Biomedical Engineering

First Advisor

Chaoyang Chen

Second Advisor

Mahendra Kavdia

Abstract

Abstract DESIGN AND DEVELOPMENT OF BIONIC 3D PRINTED UPPER-LIMB EXOSKELETON FOR STROKE REHABILITATION

Those who have had a stroke need long-term physical rehabilitation treatments. The conventional manual hands-on method is time-consuming and cannot offer low-cost, long-term rehabilitation services.

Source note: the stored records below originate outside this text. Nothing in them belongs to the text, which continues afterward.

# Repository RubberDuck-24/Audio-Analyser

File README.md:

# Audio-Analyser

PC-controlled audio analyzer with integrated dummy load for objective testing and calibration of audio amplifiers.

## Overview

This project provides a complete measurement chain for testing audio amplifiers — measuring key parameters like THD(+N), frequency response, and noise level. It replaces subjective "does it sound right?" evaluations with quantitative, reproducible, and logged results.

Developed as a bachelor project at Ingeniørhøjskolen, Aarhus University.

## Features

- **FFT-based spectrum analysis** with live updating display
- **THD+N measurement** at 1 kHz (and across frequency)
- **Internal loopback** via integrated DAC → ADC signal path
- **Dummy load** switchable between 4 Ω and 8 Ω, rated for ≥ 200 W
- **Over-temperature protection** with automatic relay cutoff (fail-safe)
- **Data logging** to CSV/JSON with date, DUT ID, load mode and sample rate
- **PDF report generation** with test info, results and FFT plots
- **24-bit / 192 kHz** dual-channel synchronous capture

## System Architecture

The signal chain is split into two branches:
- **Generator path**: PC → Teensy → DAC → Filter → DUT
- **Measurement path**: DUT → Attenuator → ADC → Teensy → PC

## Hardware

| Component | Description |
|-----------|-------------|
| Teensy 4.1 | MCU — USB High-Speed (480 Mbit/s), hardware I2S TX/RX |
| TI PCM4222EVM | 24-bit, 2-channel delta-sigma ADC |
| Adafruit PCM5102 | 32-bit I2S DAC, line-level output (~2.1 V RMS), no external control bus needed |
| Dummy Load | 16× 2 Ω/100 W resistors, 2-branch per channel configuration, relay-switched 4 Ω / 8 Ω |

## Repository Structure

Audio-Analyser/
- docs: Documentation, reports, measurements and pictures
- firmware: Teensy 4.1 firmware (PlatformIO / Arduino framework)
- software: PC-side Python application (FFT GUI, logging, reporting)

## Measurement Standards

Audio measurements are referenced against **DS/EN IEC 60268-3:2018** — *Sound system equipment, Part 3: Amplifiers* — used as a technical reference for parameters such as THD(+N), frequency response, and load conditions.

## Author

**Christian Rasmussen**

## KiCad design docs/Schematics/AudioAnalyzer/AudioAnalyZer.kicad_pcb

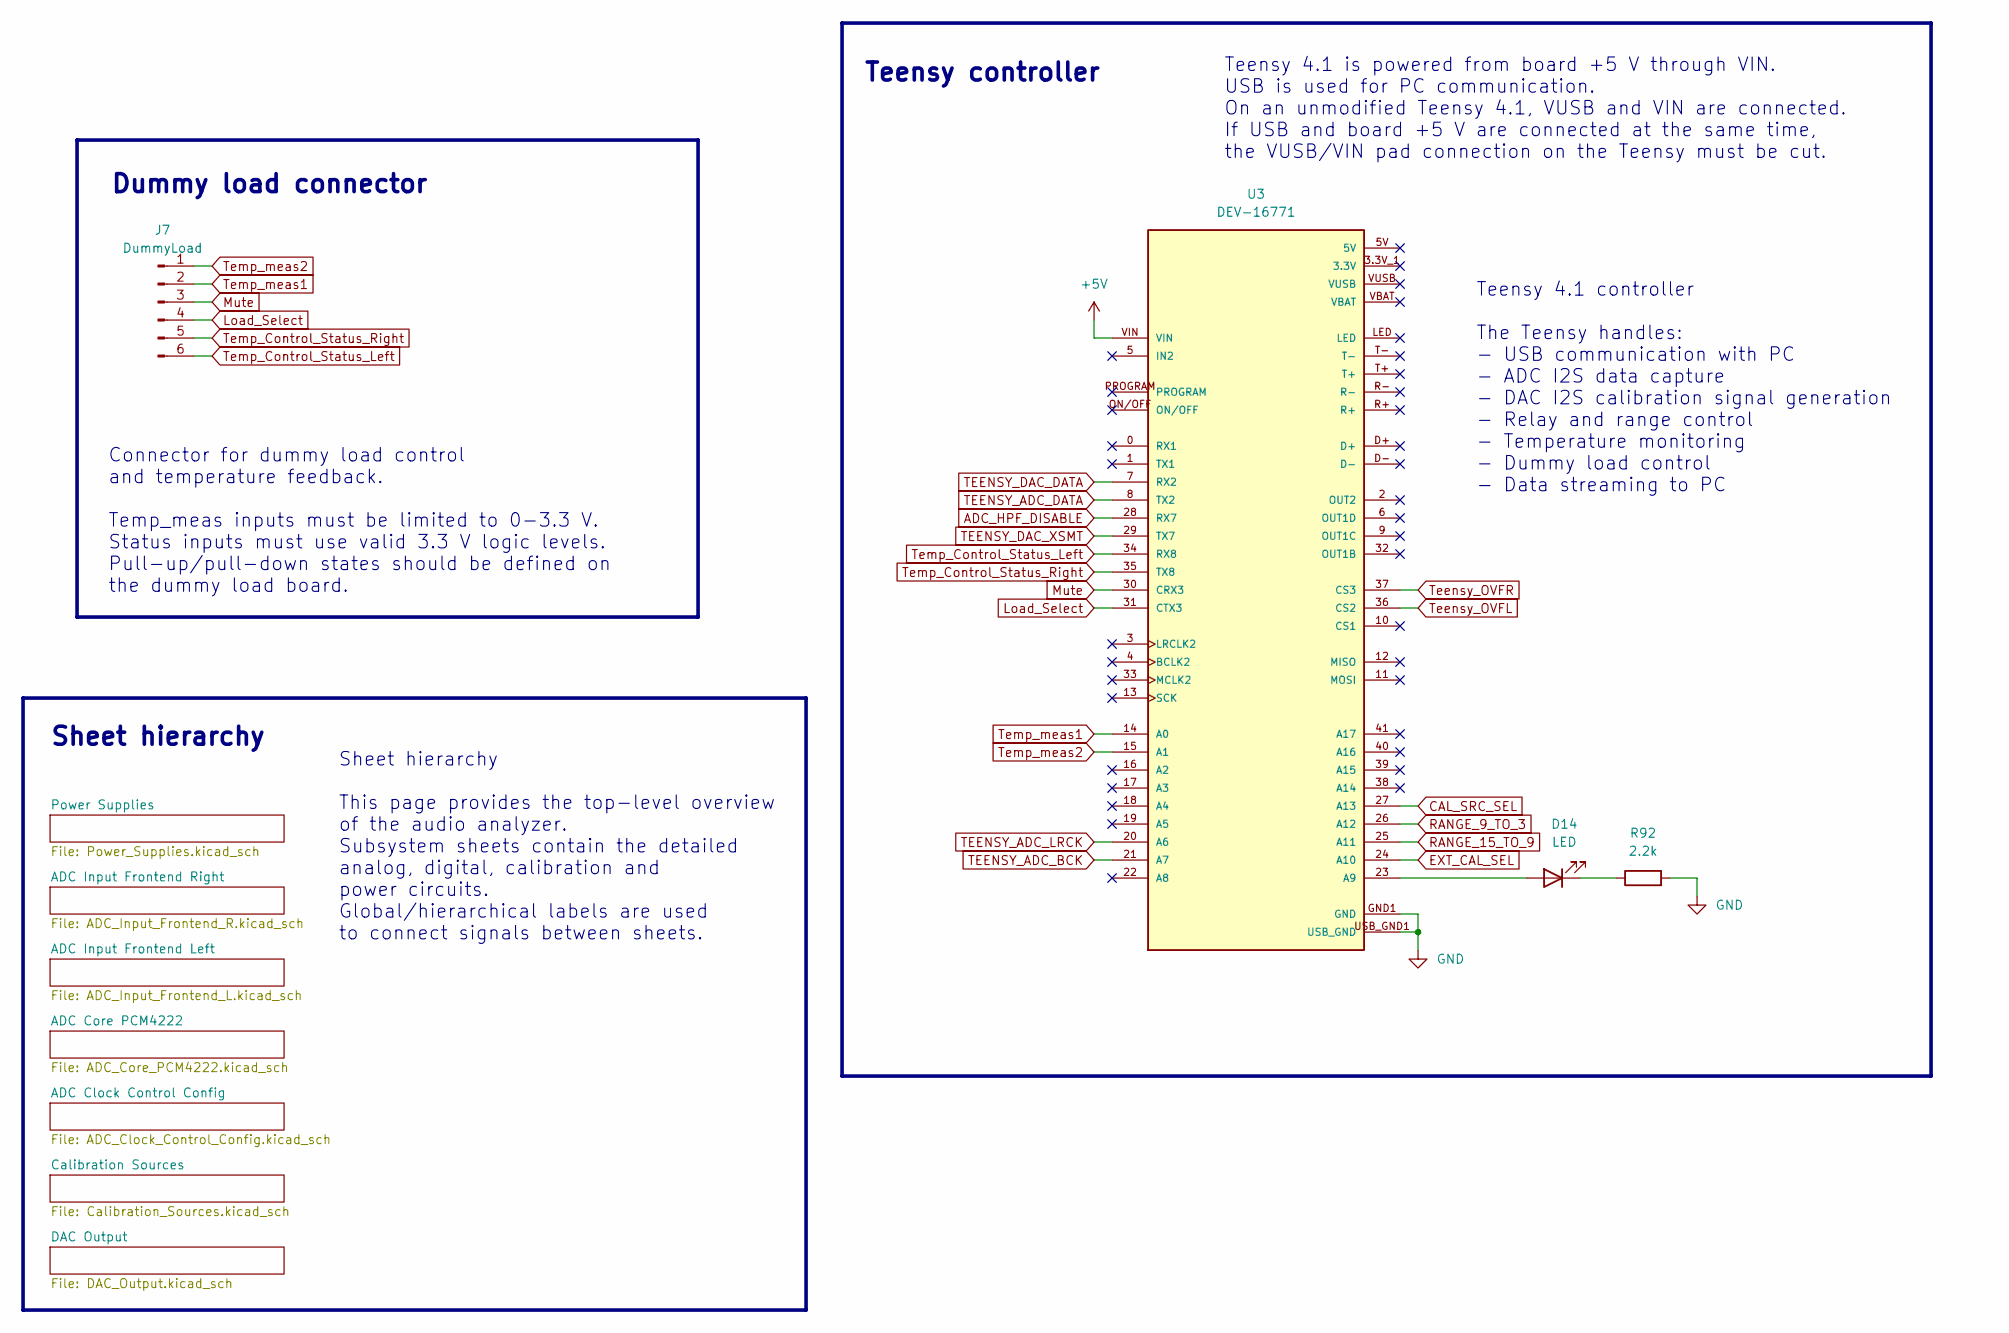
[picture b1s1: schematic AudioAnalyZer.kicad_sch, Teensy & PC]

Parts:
D14: LED; LED_0603_1608Metric_Pad1.05x0.95mm_HandSolder
J7: DummyLoad; PinHeader_1x06_P2.54mm_Horizontal
R92: 2.2k; R_0603_1608Metric_Pad0.98x0.95mm_HandSolder
U3: DEV-16771; MODULE_DEV-16771; PARTREV 4.1

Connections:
+5V: U3.VIN; also elsewhere on the board
ADC_HPF_DISABLE: U3.28 (RX7); also elsewhere on the board
CAL_SRC_SEL: U3.27 (A13); also elsewhere on the board
EXT_CAL_SEL: U3.24 (A10); also elsewhere on the board
GND: R92.2, U3.GND1 (GND), U3.GND2 (GND), U3.GND3 (GND), U3.GND4 (GND), U3.GND5 (GND), U3.USB_GND1 (USB_GND), U3.USB_GND2 (USB_GND); also elsewhere on the board
Load_Select: J7.4, U3.31 (CTX3)
Mute: J7.3, U3.30 (CRX3)
unnamed: D14.2 (A), U3.23 (A9)
unnamed: D14.1 (K), R92.1
RANGE_9_TO_3: U3.26 (A12); also elsewhere on the board
RANGE_15_TO_9: U3.25 (A11); also elsewhere on the board
TEENSY_ADC_BCK: U3.21 (A7); also elsewhere on the board
TEENSY_ADC_DATA: U3.8 (TX2); also elsewhere on the board
TEENSY_ADC_LRCK: U3.20 (A6); also elsewhere on the board
TEENSY_DAC_DATA: U3.7 (RX2); also elsewhere on the board
TEENSY_DAC_XSMT: U3.29 (TX7); also elsewhere on the board
Teensy_OVFL: U3.36 (CS2); also elsewhere on the board
Teensy_OVFR: U3.37 (CS3); also elsewhere on the board
Temp_Control_Status_Left: J7.6, U3.34 (RX8)
Temp_Control_Status_Right: J7.5, U3.35 (TX8)
Temp_meas1: J7.2, U3.14 (A0)
Temp_meas2: J7.1, U3.15 (A1)

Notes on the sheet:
Teensy controller
Teensy 4.1 controller The Teensy handles: - USB communication with PC - ADC I2S data capture - DAC I2S calibration signal generation - Relay and range control - Temperature monitoring - Dummy load control - Data streaming to PC
Teensy 4.1 is powered from board +5 V through VIN. USB is used for PC communication. On an unmodified Teensy 4.1, VUSB and VIN are connected. If USB and board +5 V are connected at the same time, the VUSB/VIN pad connection on the Teensy must be cut.
Sheet hierarchy This page provides the top-level overview of the audio analyzer. Subsystem sheets contain the detailed analog, digital, calibration and power circuits. Global/hierarchical labels are used to connect signals between sheets.
Connector for dummy load control and temperature feedback. Temp_meas inputs must be limited to 0-3.3 V. Status inputs must use valid 3.3 V logic levels. Pull-up/pull-down states should be defined on the dummy load board.
Dummy load connector
Sheet hierarchy

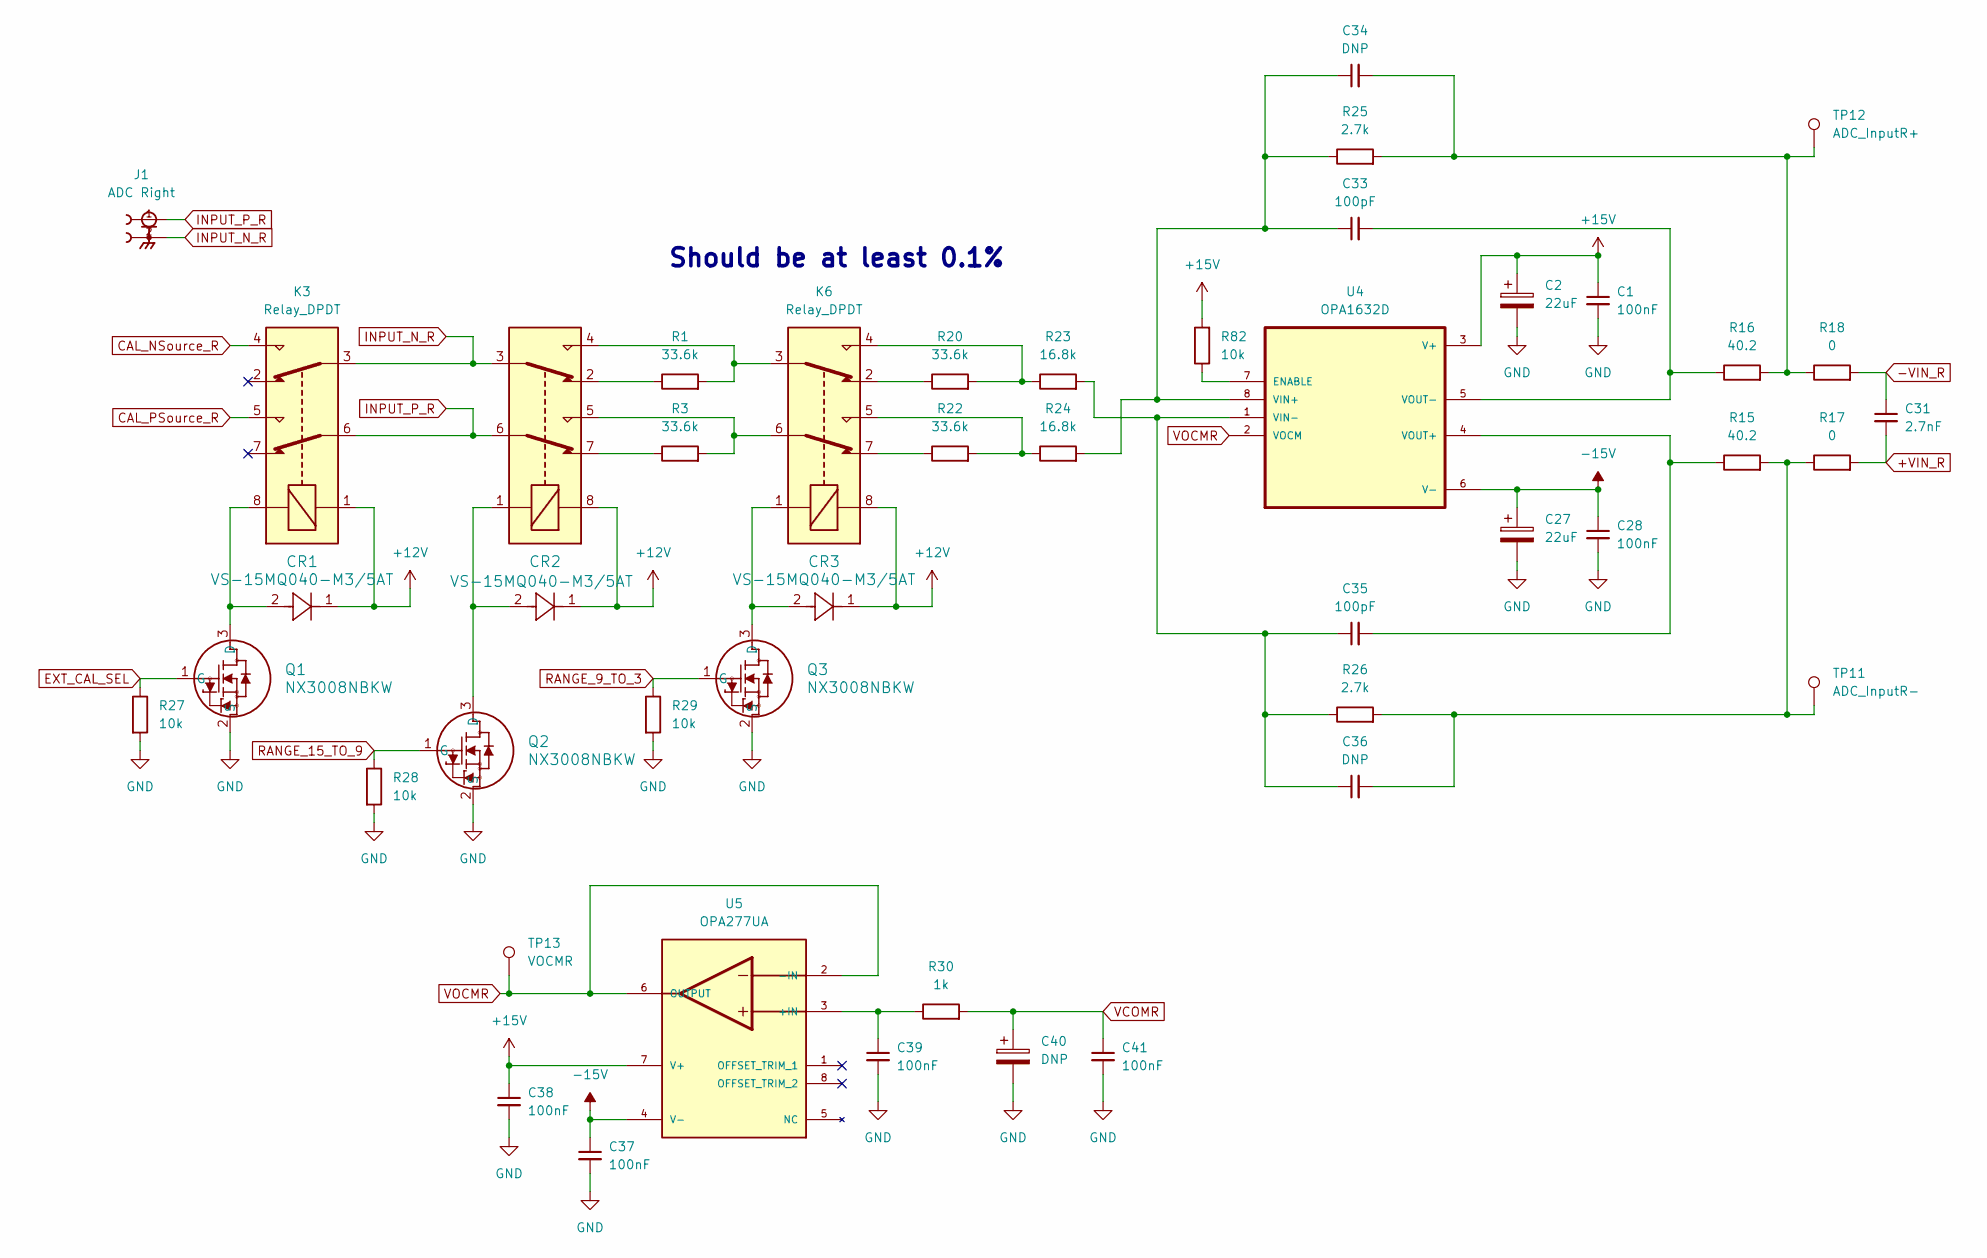
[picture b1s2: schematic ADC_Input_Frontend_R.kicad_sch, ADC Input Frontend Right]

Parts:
C1, C28, C37, C38, C39, C41: 100nF; C_0603_1608Metric_Pad1.08x0.95mm_HandSolder
C2, C27: 22uF; C_1206_3216Metric
C31: 2.7nF; C_0603_1608Metric
C33, C35: 100pF; C_0603_1608Metric_Pad1.08x0.95mm_HandSolder
C34, C36, C40: DNP; C_0603_1608Metric_Pad1.08x0.95mm_HandSolder
CR1, CR2, CR3: VS-15MQ040-M3/5AT; CR_Q040-M3&slash_5AT_VIS
J1: ADC Right; LINX_CONBNC002
K3, K5, K6: Relay_DPDT; RELAY_IM06DGR
Q1, Q2, Q3: NX3008NBKW; SC-70_SOT323_NEX
R1, R3, R20, R22: 33.6k; R_0603_1608Metric_Pad0.98x0.95mm_HandSolder
R15, R16: 40.2; R_0603_1608Metric_Pad0.98x0.95mm_HandSolder
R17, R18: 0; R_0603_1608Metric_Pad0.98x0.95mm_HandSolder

Furthermore, the hands-on method is subjective and is dependent on the competence level of physiotherapists. To address these problems, more research and effort are being directed into the development of robotic-assisted rehabilitation technologies. For decades, upper-limb exoskeleton devices have been researched and developed for upper-limb rehabilitation. Some products have been tested on post-stroke patients. However, there are many limits and problems in this field. It currently needs a bionic mechanical design for the upper-limb exoskeleton, focusing mainly on human-machine joint misalignment. Furthermore, upper-limb exoskeleton volitional control is still far from acceptable.In this study, previous attempts to develop an upper-limb exoskeleton were discussed. Important challenges related to mechanical exoskeleton design and control strategy development were undertaken. A new robot control mechanism, known as the mirror or synchronous motion-control method, was developed, as well as tactics for promoting robotic systems in clinical usage. Six healthy individuals participated in an experiment to verify the performance of the motion-controlled upper-limb (UL) exoskeleton. In a 2D panel, the UL exoskeleton executed sketching movements based on the UL movements of a healthy participant. To evaluate the accuracy of the drawing performance, the drawings produced by the UL exoskeleton were compared to drawings done by the participant. To evaluate the inter-rater agreement between the drawings, and thus evaluate UL exoskeleton performance, a reliability statistical study (Cronbach test) was conducted and an image comparison using Python was performed to see the accuracy.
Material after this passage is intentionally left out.